Stored records
——————————

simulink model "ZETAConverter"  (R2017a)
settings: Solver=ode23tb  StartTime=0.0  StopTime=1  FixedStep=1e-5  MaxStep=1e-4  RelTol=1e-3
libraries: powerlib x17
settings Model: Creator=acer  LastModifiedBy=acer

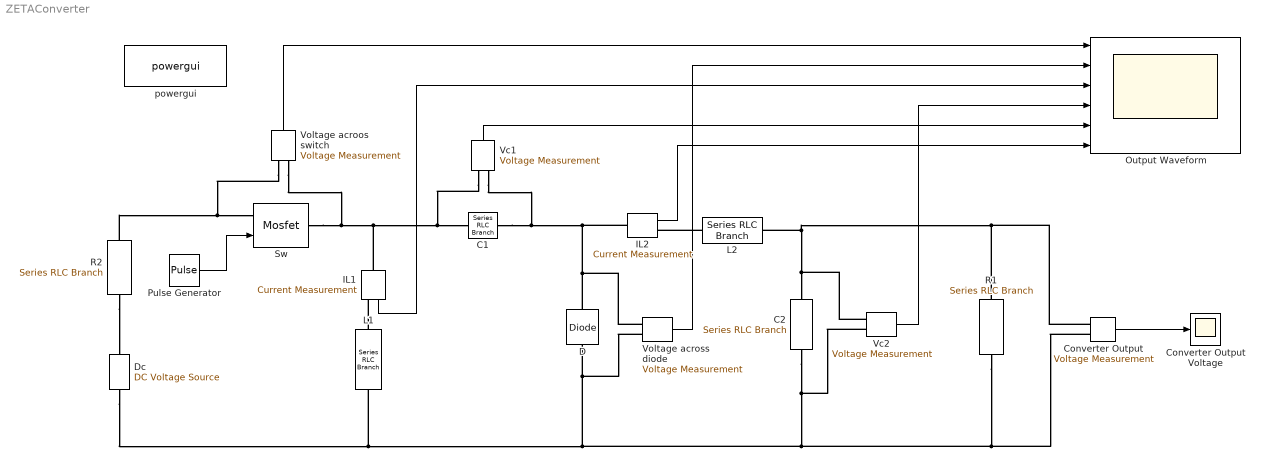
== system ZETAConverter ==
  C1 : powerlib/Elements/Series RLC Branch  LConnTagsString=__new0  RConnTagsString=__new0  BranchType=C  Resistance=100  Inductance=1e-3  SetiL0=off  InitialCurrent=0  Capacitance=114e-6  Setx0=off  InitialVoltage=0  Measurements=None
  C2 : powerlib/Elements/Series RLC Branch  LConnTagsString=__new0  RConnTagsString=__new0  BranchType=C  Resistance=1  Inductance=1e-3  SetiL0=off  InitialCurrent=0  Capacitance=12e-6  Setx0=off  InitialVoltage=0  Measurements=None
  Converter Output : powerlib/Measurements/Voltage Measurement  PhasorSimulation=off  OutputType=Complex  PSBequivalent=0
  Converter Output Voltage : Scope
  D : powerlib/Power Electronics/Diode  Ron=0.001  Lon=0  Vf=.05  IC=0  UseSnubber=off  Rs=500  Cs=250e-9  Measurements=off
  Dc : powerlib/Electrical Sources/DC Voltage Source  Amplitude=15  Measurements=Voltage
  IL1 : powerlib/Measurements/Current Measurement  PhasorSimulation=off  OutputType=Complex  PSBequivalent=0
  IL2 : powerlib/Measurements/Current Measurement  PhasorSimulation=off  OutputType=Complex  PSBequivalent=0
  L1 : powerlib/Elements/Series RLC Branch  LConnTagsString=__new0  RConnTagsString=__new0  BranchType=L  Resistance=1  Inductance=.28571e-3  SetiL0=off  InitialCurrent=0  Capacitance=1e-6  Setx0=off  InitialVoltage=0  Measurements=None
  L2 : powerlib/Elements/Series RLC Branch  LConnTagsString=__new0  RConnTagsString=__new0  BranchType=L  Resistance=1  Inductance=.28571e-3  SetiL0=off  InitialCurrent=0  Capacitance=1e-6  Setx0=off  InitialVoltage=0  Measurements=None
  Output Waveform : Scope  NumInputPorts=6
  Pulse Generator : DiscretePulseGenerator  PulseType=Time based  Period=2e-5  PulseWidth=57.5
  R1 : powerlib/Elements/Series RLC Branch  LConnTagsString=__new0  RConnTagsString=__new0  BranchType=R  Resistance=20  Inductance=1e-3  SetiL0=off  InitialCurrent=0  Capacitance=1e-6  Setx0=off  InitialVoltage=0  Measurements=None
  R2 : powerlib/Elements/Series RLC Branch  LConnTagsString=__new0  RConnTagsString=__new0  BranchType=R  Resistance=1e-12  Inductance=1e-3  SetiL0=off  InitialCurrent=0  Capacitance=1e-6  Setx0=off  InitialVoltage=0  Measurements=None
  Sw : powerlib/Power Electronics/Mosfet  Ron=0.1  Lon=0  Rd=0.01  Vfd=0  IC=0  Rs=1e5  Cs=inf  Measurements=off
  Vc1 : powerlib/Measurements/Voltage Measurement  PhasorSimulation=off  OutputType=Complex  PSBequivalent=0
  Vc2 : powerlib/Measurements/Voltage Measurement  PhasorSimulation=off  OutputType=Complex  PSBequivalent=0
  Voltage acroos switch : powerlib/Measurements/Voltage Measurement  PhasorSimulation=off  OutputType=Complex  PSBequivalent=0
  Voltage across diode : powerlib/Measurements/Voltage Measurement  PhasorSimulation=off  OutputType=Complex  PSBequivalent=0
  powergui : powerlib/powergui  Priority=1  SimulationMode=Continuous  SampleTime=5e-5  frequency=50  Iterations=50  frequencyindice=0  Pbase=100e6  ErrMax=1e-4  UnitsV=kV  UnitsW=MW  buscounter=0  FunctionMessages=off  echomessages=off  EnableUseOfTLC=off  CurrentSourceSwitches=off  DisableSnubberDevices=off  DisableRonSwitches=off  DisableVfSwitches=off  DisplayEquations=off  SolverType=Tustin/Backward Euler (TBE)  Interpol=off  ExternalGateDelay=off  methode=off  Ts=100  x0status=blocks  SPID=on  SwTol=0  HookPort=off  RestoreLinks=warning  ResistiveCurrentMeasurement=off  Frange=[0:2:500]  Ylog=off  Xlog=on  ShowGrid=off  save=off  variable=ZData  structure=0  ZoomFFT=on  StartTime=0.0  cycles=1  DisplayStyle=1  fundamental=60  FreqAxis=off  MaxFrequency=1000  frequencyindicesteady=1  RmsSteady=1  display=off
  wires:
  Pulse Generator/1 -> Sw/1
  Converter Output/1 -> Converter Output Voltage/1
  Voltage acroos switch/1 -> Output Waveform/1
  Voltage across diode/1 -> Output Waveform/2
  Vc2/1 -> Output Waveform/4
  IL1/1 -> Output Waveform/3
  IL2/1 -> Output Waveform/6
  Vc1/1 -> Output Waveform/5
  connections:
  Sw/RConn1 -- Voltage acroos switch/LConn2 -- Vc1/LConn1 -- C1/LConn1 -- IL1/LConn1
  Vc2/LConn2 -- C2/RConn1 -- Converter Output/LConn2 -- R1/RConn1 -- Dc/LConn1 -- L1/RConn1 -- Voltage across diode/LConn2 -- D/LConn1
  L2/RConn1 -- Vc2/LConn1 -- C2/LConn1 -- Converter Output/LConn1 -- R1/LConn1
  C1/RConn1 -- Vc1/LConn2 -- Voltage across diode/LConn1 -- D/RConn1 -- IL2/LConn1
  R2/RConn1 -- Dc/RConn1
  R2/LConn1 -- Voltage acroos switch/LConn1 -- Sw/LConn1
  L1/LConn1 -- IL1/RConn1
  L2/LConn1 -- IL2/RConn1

——————————

▶ [WHAT YOU HAVE TO DO] In the copy, include no pictures; otherwise transcribe the entries exactly.

▶ [ANSWER TO THIS PROBLEM]
simulink model "ZETAConverter"  (R2017a)
settings: Solver=ode23tb  StartTime=0.0  StopTime=1  FixedStep=1e-5  MaxStep=1e-4  RelTol=1e-3
libraries: powerlib x17
settings Model: Creator=acer  LastModifiedBy=acer

== system ZETAConverter ==
  C1 : powerlib/Elements/Series RLC Branch  LConnTagsString=__new0  RConnTagsString=__new0  BranchType=C  Resistance=100  Inductance=1e-3  SetiL0=off  InitialCurrent=0  Capacitance=114e-6  Setx0=off  InitialVoltage=0  Measurements=None
  C2 : powerlib/Elements/Series RLC Branch  LConnTagsString=__new0  RConnTagsString=__new0  BranchType=C  Resistance=1  Inductance=1e-3  SetiL0=off  InitialCurrent=0  Capacitance=12e-6  Setx0=off  InitialVoltage=0  Measurements=None
  Converter Output : powerlib/Measurements/Voltage Measurement  PhasorSimulation=off  OutputType=Complex  PSBequivalent=0
  Converter Output Voltage : Scope
  D : powerlib/Power Electronics/Diode  Ron=0.001  Lon=0  Vf=.05  IC=0  UseSnubber=off  Rs=500  Cs=250e-9  Measurements=off
  Dc : powerlib/Electrical Sources/DC Voltage Source  Amplitude=15  Measurements=Voltage
  IL1 : powerlib/Measurements/Current Measurement  PhasorSimulation=off  OutputType=Complex  PSBequivalent=0
  IL2 : powerlib/Measurements/Current Measurement  PhasorSimulation=off  OutputType=Complex  PSBequivalent=0
  L1 : powerlib/Elements/Series RLC Branch  LConnTagsString=__new0  RConnTagsString=__new0  BranchType=L  Resistance=1  Inductance=.28571e-3  SetiL0=off  InitialCurrent=0  Capacitance=1e-6  Setx0=off  InitialVoltage=0  Measurements=None
  L2 : powerlib/Elements/Series RLC Branch  LConnTagsString=__new0  RConnTagsString=__new0  BranchType=L  Resistance=1  Inductance=.28571e-3  SetiL0=off  InitialCurrent=0  Capacitance=1e-6  Setx0=off  InitialVoltage=0  Measurements=None
  Output Waveform : Scope  NumInputPorts=6
  Pulse Generator : DiscretePulseGenerator  PulseType=Time based  Period=2e-5  PulseWidth=57.5
  R1 : powerlib/Elements/Series RLC Branch  LConnTagsString=__new0  RConnTagsString=__new0  BranchType=R  Resistance=20  Inductance=1e-3  SetiL0=off  InitialCurrent=0  Capacitance=1e-6  Setx0=off  InitialVoltage=0  Measurements=None
  R2 : powerlib/Elements/Series RLC Branch  LConnTagsString=__new0  RConnTagsString=__new0  BranchType=R  Resistance=1e-12  Inductance=1e-3  SetiL0=off  InitialCurrent=0  Capacitance=1e-6  Setx0=off  InitialVoltage=0  Measurements=None
  Sw : powerlib/Power Electronics/Mosfet  Ron=0.1  Lon=0  Rd=0.01  Vfd=0  IC=0  Rs=1e5  Cs=inf  Measurements=off
  Vc1 : powerlib/Measurements/Voltage Measurement  PhasorSimulation=off  OutputType=Complex  PSBequivalent=0
  Vc2 : powerlib/Measurements/Voltage Measurement  PhasorSimulation=off  OutputType=Complex  PSBequivalent=0
  Voltage acroos switch : powerlib/Measurements/Voltage Measurement  PhasorSimulation=off  OutputType=Complex  PSBequivalent=0
  Voltage across diode : powerlib/Measurements/Voltage Measurement  PhasorSimulation=off  OutputType=Complex  PSBequivalent=0
  powergui : powerlib/powergui  Priority=1  SimulationMode=Continuous  SampleTime=5e-5  frequency=50  Iterations=50  frequencyindice=0  Pbase=100e6  ErrMax=1e-4  UnitsV=kV  UnitsW=MW  buscounter=0  FunctionMessages=off  echomessages=off  EnableUseOfTLC=off  CurrentSourceSwitches=off  DisableSnubberDevices=off  DisableRonSwitches=off  DisableVfSwitches=off  DisplayEquations=off  SolverType=Tustin/Backward Euler (TBE)  Interpol=off  ExternalGateDelay=off  methode=off  Ts=100  x0status=blocks  SPID=on  SwTol=0  HookPort=off  RestoreLinks=warning  ResistiveCurrentMeasurement=off  Frange=[0:2:500]  Ylog=off  Xlog=on  ShowGrid=off  save=off  variable=ZData  structure=0  ZoomFFT=on  StartTime=0.0  cycles=1  DisplayStyle=1  fundamental=60  FreqAxis=off  MaxFrequency=1000  frequencyindicesteady=1  RmsSteady=1  display=off
  wires:
  Pulse Generator/1 -> Sw/1
  Converter Output/1 -> Converter Output Voltage/1
  Voltage acroos switch/1 -> Output Waveform/1
  Voltage across diode/1 -> Output Waveform/2
  Vc2/1 -> Output Waveform/4
  IL1/1 -> Output Waveform/3
  IL2/1 -> Output Waveform/6
  Vc1/1 -> Output Waveform/5
  connections:
  Sw/RConn1 -- Voltage acroos switch/LConn2 -- Vc1/LConn1 -- C1/LConn1 -- IL1/LConn1
  Vc2/LConn2 -- C2/RConn1 -- Converter Output/LConn2 -- R1/RConn1 -- Dc/LConn1 -- L1/RConn1 -- Voltage across diode/LConn2 -- D/LConn1
  L2/RConn1 -- Vc2/LConn1 -- C2/LConn1 -- Converter Output/LConn1 -- R1/LConn1
  C1/RConn1 -- Vc1/LConn2 -- Voltage across diode/LConn1 -- D/RConn1 -- IL2/LConn1
  R2/RConn1 -- Dc/RConn1
  R2/LConn1 -- Voltage acroos switch/LConn1 -- Sw/LConn1
  L1/LConn1 -- IL1/RConn1
  L2/LConn1 -- IL2/RConn1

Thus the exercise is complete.